Information provided:

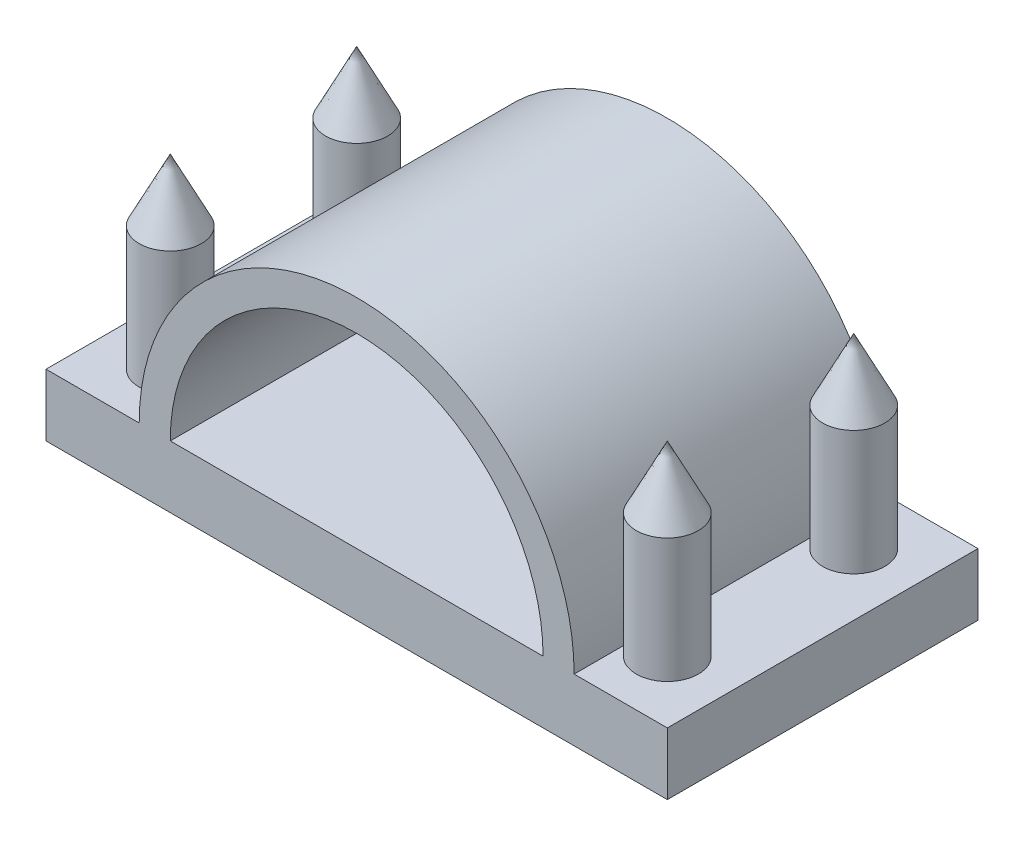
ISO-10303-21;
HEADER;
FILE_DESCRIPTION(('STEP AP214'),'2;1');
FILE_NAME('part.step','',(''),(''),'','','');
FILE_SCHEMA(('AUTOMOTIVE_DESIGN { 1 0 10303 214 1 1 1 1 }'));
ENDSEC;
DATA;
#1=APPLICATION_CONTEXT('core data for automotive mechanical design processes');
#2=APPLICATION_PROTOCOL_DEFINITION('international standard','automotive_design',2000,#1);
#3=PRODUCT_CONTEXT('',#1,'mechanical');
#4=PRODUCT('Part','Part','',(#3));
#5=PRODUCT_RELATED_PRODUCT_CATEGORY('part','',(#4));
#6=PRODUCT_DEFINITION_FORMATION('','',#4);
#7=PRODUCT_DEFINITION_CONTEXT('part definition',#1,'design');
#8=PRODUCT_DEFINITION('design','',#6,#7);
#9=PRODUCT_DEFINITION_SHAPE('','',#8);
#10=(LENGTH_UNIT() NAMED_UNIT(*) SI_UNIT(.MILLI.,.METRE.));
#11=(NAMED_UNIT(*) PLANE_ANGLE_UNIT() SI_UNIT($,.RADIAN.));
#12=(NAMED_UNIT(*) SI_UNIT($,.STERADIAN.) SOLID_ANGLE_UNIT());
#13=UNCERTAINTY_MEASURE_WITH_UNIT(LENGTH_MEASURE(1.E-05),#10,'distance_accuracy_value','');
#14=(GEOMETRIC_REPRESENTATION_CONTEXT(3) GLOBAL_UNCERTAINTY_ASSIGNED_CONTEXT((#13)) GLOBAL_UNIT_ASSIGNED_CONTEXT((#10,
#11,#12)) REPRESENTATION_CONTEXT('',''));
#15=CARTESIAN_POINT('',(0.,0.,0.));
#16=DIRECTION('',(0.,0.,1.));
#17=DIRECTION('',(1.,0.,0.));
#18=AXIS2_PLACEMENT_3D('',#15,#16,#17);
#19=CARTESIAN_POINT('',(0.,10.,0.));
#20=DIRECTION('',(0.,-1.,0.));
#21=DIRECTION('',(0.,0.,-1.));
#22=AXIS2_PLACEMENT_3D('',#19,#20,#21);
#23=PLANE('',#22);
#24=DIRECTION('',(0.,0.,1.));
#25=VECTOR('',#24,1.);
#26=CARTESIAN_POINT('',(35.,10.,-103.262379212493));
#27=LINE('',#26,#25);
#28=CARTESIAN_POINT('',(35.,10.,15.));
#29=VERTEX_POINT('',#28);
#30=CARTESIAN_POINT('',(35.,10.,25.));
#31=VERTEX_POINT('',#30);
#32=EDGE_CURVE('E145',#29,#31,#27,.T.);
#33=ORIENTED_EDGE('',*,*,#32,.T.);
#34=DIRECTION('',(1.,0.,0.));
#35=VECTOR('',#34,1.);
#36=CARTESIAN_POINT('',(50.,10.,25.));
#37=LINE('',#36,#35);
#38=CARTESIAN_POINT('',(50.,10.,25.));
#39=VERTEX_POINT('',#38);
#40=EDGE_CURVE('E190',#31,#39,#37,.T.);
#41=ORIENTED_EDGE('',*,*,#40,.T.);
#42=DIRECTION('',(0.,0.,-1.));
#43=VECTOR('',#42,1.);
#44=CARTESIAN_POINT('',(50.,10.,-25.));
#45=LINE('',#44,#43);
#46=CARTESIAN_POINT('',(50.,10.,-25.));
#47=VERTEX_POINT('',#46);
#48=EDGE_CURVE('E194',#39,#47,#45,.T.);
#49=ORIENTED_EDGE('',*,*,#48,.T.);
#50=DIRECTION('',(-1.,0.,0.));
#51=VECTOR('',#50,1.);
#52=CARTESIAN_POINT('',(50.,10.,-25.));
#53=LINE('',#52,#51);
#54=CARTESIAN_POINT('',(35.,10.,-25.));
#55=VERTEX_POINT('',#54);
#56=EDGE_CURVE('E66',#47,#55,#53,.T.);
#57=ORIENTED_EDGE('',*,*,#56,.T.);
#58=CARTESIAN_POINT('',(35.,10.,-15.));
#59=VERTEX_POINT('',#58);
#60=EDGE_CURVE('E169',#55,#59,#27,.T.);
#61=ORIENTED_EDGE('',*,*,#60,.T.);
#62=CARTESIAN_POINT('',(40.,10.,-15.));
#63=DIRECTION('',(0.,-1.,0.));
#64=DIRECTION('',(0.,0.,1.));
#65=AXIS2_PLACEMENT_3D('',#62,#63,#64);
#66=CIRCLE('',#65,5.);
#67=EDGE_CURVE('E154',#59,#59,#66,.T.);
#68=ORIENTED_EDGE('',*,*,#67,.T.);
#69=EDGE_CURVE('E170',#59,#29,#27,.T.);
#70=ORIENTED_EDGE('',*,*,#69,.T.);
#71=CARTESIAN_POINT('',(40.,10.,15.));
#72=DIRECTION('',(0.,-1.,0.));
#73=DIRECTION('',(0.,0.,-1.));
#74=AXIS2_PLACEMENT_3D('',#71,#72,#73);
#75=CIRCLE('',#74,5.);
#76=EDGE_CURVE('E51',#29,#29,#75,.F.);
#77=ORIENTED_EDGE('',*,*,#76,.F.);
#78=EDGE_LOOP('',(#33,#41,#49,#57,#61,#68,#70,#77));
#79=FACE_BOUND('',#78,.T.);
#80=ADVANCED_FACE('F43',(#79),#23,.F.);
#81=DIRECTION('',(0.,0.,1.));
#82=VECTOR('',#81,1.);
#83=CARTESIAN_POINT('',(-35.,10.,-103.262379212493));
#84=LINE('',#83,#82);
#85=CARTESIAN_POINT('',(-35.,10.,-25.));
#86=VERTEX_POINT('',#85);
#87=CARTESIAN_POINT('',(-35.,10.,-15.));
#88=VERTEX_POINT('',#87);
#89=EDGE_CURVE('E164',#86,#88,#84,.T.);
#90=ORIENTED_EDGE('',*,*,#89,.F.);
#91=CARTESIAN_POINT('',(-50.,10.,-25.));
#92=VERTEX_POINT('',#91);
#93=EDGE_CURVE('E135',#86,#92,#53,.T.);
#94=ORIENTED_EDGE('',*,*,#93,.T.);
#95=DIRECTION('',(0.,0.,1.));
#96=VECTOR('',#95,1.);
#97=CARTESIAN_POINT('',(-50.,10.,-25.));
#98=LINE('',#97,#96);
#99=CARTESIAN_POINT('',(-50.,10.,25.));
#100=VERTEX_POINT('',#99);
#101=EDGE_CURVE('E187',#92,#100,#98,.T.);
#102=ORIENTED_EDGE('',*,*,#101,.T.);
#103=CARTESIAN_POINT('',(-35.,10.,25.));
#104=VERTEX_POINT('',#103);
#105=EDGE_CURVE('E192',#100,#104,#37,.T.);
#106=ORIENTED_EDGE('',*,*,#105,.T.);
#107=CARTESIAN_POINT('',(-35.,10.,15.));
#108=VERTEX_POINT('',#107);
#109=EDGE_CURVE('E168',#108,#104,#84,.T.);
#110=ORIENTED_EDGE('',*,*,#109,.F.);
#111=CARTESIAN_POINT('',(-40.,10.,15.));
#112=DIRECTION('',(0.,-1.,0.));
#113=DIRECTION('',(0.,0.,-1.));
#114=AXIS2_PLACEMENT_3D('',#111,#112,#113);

About this task:
Copy nothing but the lines from the top of the material through the line holding "#48=EDGE_CURVE('E194',#39,#47,#45,.T.);", exactly as written; omit pictures.

Result of the task:
ISO-10303-21;
HEADER;
FILE_DESCRIPTION(('STEP AP214'),'2;1');
FILE_NAME('part.step','',(''),(''),'','','');
FILE_SCHEMA(('AUTOMOTIVE_DESIGN { 1 0 10303 214 1 1 1 1 }'));
ENDSEC;
DATA;
#1=APPLICATION_CONTEXT('core data for automotive mechanical design processes');
#2=APPLICATION_PROTOCOL_DEFINITION('international standard','automotive_design',2000,#1);
#3=PRODUCT_CONTEXT('',#1,'mechanical');
#4=PRODUCT('Part','Part','',(#3));
#5=PRODUCT_RELATED_PRODUCT_CATEGORY('part','',(#4));
#6=PRODUCT_DEFINITION_FORMATION('','',#4);
#7=PRODUCT_DEFINITION_CONTEXT('part definition',#1,'design');
#8=PRODUCT_DEFINITION('design','',#6,#7);
#9=PRODUCT_DEFINITION_SHAPE('','',#8);
#10=(LENGTH_UNIT() NAMED_UNIT(*) SI_UNIT(.MILLI.,.METRE.));
#11=(NAMED_UNIT(*) PLANE_ANGLE_UNIT() SI_UNIT($,.RADIAN.));
#12=(NAMED_UNIT(*) SI_UNIT($,.STERADIAN.) SOLID_ANGLE_UNIT());
#13=UNCERTAINTY_MEASURE_WITH_UNIT(LENGTH_MEASURE(1.E-05),#10,'distance_accuracy_value','');
#14=(GEOMETRIC_REPRESENTATION_CONTEXT(3) GLOBAL_UNCERTAINTY_ASSIGNED_CONTEXT((#13)) GLOBAL_UNIT_ASSIGNED_CONTEXT((#10,
#11,#12)) REPRESENTATION_CONTEXT('',''));
#15=CARTESIAN_POINT('',(0.,0.,0.));
#16=DIRECTION('',(0.,0.,1.));
#17=DIRECTION('',(1.,0.,0.));
#18=AXIS2_PLACEMENT_3D('',#15,#16,#17);
#19=CARTESIAN_POINT('',(0.,10.,0.));
#20=DIRECTION('',(0.,-1.,0.));
#21=DIRECTION('',(0.,0.,-1.));
#22=AXIS2_PLACEMENT_3D('',#19,#20,#21);
#23=PLANE('',#22);
#24=DIRECTION('',(0.,0.,1.));
#25=VECTOR('',#24,1.);
#26=CARTESIAN_POINT('',(35.,10.,-103.262379212493));
#27=LINE('',#26,#25);
#28=CARTESIAN_POINT('',(35.,10.,15.));
#29=VERTEX_POINT('',#28);
#30=CARTESIAN_POINT('',(35.,10.,25.));
#31=VERTEX_POINT('',#30);
#32=EDGE_CURVE('E145',#29,#31,#27,.T.);
#33=ORIENTED_EDGE('',*,*,#32,.T.);
#34=DIRECTION('',(1.,0.,0.));
#35=VECTOR('',#34,1.);
#36=CARTESIAN_POINT('',(50.,10.,25.));
#37=LINE('',#36,#35);
#38=CARTESIAN_POINT('',(50.,10.,25.));
#39=VERTEX_POINT('',#38);
#40=EDGE_CURVE('E190',#31,#39,#37,.T.);
#41=ORIENTED_EDGE('',*,*,#40,.T.);
#42=DIRECTION('',(0.,0.,-1.));
#43=VECTOR('',#42,1.);
#44=CARTESIAN_POINT('',(50.,10.,-25.));
#45=LINE('',#44,#43);
#46=CARTESIAN_POINT('',(50.,10.,-25.));
#47=VERTEX_POINT('',#46);
#48=EDGE_CURVE('E194',#39,#47,#45,.T.);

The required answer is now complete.